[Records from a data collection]
★ ★ ★ ★ ★
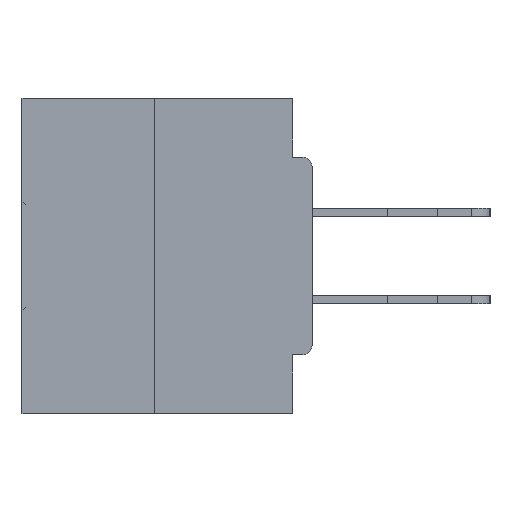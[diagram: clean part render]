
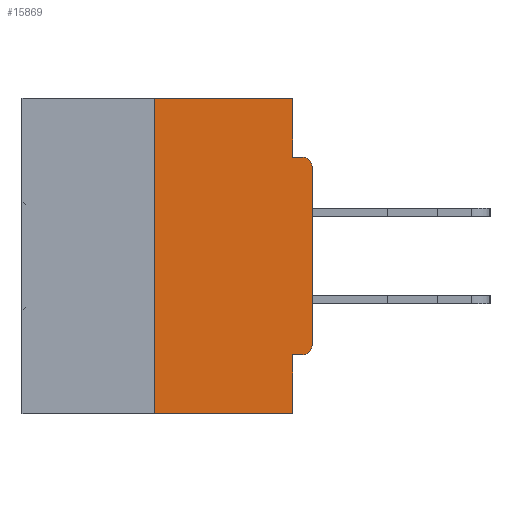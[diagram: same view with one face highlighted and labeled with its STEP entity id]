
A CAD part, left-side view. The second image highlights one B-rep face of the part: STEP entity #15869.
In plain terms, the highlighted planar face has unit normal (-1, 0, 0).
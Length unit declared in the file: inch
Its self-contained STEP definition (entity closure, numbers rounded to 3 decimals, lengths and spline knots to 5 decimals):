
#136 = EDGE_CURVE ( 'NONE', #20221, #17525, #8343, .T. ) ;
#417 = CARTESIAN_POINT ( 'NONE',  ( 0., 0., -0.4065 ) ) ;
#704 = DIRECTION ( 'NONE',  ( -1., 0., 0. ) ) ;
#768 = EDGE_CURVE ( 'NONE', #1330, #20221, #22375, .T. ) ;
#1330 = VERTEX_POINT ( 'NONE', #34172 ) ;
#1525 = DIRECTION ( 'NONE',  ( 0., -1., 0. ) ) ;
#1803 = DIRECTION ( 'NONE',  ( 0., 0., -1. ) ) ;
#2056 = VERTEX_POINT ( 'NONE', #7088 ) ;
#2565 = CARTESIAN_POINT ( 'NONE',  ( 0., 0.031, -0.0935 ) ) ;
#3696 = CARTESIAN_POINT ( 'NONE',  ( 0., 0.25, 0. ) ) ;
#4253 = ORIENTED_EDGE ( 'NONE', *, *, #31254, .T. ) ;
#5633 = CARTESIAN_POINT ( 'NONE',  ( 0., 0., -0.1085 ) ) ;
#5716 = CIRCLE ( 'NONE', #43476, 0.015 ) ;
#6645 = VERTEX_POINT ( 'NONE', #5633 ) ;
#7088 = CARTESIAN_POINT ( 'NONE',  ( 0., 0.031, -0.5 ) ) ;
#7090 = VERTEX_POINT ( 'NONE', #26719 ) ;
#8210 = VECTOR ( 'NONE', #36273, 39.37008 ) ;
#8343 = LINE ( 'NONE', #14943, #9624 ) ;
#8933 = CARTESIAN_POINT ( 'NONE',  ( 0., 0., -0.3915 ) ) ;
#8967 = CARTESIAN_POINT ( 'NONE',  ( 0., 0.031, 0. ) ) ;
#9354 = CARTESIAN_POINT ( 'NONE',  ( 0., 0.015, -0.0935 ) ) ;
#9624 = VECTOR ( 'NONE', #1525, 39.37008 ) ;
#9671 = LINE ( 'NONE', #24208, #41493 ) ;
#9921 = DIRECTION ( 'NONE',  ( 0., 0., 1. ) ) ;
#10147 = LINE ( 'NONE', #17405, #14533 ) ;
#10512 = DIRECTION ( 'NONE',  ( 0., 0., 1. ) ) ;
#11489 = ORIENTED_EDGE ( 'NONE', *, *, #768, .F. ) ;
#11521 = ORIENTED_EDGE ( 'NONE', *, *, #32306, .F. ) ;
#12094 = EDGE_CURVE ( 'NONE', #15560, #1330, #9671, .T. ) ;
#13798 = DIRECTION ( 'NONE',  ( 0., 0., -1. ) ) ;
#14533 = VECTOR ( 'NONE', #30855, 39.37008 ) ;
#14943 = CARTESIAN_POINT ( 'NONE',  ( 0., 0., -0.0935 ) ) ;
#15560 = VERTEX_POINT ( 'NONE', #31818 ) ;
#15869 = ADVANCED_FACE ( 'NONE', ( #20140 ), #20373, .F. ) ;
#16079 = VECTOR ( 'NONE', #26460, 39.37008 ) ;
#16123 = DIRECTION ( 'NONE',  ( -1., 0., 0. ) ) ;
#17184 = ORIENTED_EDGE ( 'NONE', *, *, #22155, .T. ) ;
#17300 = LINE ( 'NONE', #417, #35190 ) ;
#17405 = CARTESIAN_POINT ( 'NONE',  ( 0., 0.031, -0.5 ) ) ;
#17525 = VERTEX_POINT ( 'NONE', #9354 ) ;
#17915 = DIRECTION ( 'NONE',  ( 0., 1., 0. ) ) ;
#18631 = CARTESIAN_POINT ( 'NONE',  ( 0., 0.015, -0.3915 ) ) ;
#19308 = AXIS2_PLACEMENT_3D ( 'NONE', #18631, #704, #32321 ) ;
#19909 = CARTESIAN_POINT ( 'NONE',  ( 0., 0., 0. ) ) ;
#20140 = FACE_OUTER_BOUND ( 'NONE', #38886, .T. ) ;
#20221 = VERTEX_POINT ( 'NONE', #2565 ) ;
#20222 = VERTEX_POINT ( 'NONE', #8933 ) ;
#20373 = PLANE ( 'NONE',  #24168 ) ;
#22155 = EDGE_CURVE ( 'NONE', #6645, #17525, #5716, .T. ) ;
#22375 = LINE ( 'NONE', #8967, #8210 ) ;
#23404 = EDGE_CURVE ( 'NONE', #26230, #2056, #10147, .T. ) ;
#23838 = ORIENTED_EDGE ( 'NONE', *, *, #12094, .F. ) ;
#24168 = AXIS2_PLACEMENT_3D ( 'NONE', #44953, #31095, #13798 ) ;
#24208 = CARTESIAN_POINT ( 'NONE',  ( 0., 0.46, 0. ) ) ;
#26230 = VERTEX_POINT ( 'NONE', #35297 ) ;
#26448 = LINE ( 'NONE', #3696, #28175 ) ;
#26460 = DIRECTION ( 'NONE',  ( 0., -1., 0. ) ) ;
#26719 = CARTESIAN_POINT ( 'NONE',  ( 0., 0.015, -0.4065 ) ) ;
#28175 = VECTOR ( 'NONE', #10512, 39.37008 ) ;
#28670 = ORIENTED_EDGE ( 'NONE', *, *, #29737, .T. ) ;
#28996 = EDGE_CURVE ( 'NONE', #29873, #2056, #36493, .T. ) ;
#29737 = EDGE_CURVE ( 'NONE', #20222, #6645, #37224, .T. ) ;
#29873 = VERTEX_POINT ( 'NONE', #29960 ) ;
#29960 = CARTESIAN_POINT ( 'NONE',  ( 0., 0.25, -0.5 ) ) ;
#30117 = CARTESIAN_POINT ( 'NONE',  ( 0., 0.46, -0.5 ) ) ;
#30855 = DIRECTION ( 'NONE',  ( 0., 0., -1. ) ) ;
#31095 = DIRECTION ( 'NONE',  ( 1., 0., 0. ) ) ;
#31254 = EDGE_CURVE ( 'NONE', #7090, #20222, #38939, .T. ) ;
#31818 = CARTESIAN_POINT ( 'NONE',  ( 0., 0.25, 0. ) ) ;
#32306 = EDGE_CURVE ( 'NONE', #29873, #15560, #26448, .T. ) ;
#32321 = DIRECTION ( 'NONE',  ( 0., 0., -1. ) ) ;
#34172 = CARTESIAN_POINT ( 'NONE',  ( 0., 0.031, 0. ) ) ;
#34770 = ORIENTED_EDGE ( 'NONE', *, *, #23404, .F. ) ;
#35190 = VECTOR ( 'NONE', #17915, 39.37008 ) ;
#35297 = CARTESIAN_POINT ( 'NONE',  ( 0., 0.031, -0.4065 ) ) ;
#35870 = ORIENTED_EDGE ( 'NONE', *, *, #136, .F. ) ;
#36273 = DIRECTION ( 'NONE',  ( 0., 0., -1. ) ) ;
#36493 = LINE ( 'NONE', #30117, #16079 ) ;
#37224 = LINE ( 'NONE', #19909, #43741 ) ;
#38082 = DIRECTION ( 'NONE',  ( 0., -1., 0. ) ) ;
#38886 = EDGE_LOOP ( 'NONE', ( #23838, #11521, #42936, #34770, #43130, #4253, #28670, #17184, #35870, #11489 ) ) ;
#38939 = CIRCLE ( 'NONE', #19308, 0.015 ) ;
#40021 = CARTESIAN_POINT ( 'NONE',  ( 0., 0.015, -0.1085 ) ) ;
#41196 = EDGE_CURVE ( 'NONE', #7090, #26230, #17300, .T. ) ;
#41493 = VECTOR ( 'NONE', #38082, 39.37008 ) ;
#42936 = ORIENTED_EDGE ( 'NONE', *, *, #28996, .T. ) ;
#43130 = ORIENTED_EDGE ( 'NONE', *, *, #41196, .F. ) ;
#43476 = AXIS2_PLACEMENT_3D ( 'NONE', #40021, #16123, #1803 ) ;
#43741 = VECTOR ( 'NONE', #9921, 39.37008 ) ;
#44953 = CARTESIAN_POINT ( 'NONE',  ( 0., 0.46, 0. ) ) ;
★ ★ ★ ★ ★
◆ Aim of the exercise:
From the records above, quote only the lines running from the line with "#9921 = DIRECTION" to the line with "#13798 = DIRECTION", both lines included.

◆ Completed task:
#9921 = DIRECTION ( 'NONE',  ( 0., 0., 1. ) ) ;
#10147 = LINE ( 'NONE', #17405, #14533 ) ;
#10512 = DIRECTION ( 'NONE',  ( 0., 0., 1. ) ) ;
#11489 = ORIENTED_EDGE ( 'NONE', *, *, #768, .F. ) ;
#11521 = ORIENTED_EDGE ( 'NONE', *, *, #32306, .F. ) ;
#12094 = EDGE_CURVE ( 'NONE', #15560, #1330, #9671, .T. ) ;
#13798 = DIRECTION ( 'NONE',  ( 0., 0., -1. ) ) ;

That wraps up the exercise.